Explanations cannot swallow their own heads.

Blue Book Family Likenesses–Craving Generality?

There it is.  In every photo in which I am pictured standing empty-handed.  (I am nearly always empty-handed.)  I stand as my dad stands–or stood when he was younger.  I don’t mind that, even if I find it eerie, even if it provokes me to distances–from my picture and from my body at the moment of viewing the picture….


I mention this because I have been teaching the Blue Book and talking with my students about family likeness (BlBk) or family resemblances (PI).  It is remarkable, given the clarity (at least here) of Wittgenstein’s rhetorical construction, that so many come away from the section thinking that Wittgenstein’s revolution consists in replacing a quixotic quest for commonalities with a promising quest for family resemblances.  –As if the attack on the question “What is the meaning of a word?” really reduced to a shift in quest.

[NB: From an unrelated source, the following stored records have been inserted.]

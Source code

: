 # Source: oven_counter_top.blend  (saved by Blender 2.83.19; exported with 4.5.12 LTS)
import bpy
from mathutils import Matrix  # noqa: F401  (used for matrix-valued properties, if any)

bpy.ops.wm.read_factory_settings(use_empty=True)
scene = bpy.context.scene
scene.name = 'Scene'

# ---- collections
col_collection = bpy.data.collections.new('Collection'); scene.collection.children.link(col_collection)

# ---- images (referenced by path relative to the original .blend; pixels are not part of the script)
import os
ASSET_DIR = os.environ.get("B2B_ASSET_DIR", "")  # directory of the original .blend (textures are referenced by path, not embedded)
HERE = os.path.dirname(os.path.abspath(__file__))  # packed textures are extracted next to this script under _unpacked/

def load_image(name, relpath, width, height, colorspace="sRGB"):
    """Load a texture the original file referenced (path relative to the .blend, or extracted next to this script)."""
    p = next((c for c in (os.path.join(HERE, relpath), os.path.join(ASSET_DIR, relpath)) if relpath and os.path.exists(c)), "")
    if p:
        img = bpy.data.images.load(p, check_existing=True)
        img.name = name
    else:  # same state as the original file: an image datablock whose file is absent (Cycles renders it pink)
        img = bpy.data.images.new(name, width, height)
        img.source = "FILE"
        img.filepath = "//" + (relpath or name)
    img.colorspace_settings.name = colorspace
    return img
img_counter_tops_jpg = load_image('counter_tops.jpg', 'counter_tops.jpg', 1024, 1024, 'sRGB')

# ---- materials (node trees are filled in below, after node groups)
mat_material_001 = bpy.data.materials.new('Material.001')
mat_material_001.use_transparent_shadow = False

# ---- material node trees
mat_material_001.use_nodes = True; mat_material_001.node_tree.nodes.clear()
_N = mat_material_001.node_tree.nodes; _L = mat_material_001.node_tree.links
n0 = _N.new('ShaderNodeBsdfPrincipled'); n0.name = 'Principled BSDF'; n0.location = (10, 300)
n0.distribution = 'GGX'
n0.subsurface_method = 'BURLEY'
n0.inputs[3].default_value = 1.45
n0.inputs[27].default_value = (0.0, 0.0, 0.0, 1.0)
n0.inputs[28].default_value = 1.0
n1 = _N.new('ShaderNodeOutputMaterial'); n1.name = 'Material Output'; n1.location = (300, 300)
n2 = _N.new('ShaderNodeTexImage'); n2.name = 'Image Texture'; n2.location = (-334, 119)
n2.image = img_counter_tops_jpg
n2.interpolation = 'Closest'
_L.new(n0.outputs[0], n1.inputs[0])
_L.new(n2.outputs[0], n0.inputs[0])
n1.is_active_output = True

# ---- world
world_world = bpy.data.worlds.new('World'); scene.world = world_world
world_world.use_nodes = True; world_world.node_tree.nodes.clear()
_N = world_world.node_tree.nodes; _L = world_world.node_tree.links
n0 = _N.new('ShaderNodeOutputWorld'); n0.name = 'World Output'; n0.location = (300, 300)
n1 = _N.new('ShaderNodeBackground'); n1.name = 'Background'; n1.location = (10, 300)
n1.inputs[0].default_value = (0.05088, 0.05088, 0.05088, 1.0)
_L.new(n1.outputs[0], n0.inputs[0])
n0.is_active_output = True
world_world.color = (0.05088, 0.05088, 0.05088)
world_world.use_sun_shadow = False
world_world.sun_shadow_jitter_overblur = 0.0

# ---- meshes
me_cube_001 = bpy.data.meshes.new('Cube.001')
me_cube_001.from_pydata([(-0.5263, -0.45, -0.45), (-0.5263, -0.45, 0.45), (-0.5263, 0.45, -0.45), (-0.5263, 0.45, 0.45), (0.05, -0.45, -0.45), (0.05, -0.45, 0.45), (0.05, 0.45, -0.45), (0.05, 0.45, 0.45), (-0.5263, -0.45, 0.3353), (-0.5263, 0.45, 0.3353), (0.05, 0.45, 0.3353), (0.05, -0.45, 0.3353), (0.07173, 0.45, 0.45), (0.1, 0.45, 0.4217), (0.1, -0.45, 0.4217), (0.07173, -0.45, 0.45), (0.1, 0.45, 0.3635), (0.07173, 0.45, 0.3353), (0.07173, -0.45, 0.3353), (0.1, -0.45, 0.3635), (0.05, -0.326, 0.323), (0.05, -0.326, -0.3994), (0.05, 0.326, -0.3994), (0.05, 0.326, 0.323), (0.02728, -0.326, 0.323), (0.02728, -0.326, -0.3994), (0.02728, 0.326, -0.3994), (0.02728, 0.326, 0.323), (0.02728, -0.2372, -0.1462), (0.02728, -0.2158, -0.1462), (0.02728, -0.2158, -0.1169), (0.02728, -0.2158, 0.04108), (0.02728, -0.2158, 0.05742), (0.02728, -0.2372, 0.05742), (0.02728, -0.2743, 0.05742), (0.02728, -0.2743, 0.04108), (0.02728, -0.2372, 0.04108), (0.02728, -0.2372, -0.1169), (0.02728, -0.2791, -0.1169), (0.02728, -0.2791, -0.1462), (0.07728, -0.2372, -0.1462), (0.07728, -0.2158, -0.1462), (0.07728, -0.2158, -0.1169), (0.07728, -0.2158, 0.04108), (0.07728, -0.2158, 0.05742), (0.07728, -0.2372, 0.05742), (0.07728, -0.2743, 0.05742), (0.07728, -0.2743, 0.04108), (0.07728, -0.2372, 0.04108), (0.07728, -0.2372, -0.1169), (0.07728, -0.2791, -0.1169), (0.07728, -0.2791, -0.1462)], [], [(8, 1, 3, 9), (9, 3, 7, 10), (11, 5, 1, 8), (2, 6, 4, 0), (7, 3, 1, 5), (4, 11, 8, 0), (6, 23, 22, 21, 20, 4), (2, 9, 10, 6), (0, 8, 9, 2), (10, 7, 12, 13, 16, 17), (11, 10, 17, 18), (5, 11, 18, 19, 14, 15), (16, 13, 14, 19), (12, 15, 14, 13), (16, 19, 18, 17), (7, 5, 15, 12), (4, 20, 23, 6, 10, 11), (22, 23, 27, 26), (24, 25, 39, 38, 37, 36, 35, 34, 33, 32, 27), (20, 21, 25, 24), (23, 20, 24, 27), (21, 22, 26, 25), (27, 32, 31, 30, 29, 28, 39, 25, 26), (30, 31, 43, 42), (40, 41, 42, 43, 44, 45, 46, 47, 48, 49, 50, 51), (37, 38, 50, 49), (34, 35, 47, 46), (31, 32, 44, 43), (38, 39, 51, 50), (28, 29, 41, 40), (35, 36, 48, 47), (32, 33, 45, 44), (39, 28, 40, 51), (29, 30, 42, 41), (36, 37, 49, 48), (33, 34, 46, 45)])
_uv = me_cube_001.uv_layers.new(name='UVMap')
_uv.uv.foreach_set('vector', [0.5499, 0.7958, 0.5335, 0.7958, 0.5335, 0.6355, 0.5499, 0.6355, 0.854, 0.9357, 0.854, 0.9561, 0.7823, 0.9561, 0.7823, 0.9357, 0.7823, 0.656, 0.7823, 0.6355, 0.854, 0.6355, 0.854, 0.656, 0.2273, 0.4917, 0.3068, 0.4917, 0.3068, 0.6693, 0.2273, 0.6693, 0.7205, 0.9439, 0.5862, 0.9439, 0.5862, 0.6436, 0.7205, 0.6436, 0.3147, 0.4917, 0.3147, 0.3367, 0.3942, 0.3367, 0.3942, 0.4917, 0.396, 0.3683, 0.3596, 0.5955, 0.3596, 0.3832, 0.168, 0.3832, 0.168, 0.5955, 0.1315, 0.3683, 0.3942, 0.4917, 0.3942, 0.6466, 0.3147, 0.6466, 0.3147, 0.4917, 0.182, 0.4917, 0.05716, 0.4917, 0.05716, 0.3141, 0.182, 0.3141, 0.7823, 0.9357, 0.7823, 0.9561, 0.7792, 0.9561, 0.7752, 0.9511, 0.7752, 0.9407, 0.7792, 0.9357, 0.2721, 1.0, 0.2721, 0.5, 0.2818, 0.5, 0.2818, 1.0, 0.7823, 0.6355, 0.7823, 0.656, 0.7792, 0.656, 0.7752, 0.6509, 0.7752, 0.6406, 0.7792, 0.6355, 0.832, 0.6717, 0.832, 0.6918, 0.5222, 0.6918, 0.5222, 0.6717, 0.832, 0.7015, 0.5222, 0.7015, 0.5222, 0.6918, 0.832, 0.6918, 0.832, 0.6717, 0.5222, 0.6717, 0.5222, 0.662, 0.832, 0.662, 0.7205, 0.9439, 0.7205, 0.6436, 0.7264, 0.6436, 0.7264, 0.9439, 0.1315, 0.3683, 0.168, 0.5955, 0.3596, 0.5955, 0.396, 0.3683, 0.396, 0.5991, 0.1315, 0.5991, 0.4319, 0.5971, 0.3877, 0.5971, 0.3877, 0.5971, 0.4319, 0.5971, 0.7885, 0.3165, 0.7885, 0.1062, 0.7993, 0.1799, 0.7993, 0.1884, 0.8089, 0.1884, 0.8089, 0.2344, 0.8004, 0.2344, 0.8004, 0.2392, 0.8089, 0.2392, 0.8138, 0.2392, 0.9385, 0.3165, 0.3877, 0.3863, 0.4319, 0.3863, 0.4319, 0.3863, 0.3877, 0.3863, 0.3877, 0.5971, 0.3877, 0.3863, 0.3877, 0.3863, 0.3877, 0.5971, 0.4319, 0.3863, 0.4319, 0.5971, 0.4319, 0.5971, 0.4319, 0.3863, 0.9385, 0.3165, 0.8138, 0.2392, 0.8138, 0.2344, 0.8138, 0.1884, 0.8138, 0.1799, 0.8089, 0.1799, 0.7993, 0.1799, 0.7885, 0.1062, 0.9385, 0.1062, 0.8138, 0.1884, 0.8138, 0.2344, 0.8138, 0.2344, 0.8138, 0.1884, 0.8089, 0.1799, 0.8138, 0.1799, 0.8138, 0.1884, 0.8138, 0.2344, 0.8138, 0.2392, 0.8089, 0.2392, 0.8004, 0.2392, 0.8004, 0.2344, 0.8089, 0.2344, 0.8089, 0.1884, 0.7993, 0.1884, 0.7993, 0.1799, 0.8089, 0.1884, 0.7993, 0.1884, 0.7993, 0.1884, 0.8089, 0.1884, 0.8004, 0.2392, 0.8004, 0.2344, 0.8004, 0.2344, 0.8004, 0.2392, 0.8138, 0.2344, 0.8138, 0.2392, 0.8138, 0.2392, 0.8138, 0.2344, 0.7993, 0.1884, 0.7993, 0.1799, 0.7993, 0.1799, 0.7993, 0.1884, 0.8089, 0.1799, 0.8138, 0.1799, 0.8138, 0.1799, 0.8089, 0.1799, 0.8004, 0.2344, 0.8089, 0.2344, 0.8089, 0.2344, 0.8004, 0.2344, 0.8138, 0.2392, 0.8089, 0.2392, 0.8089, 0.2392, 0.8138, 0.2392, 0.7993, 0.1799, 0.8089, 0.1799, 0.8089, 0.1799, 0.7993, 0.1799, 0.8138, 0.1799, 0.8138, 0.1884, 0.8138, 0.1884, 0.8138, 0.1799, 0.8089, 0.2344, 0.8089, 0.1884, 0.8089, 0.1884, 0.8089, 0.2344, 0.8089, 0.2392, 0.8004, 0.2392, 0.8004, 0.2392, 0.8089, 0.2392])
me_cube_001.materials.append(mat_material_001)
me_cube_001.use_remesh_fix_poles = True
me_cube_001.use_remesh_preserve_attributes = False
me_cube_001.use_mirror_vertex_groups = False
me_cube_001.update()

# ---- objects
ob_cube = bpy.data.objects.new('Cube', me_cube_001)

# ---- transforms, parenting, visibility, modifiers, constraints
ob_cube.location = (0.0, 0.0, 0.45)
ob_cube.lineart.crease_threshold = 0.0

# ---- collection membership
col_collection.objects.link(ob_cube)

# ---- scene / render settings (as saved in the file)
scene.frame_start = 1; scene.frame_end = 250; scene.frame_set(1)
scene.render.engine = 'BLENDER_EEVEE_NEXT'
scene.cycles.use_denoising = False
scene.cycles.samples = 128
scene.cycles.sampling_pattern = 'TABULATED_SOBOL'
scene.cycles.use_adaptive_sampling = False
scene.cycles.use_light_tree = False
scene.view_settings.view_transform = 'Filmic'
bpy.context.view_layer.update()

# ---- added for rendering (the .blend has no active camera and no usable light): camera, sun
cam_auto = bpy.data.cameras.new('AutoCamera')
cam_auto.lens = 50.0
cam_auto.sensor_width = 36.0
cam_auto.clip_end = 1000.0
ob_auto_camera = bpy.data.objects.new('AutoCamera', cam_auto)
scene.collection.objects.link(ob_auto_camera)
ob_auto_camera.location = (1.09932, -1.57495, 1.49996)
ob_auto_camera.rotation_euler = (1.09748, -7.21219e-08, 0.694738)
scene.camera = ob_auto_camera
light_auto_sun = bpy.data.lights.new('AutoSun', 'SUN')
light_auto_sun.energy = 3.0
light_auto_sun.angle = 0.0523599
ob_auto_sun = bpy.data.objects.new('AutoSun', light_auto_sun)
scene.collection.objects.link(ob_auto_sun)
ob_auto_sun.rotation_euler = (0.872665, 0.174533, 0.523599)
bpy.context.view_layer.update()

Not that there’s anything wrong with family resemblances.  Or with commonalities for that matter.  Except deciding that one or the other is the philosophical desideratum, the fated form of philosophical finality.

The family resemblances bit is a way of reminding us that ‘unity’ is said in many (at least two) ways.  It is not the replacement of one unity-prey with a different unity-prey.  Be wary of going a-hunting for commonalities.  Be wary likewise of going a-hunting for family likenesses.  Throttle back that craving for generality:  don’t just change gears.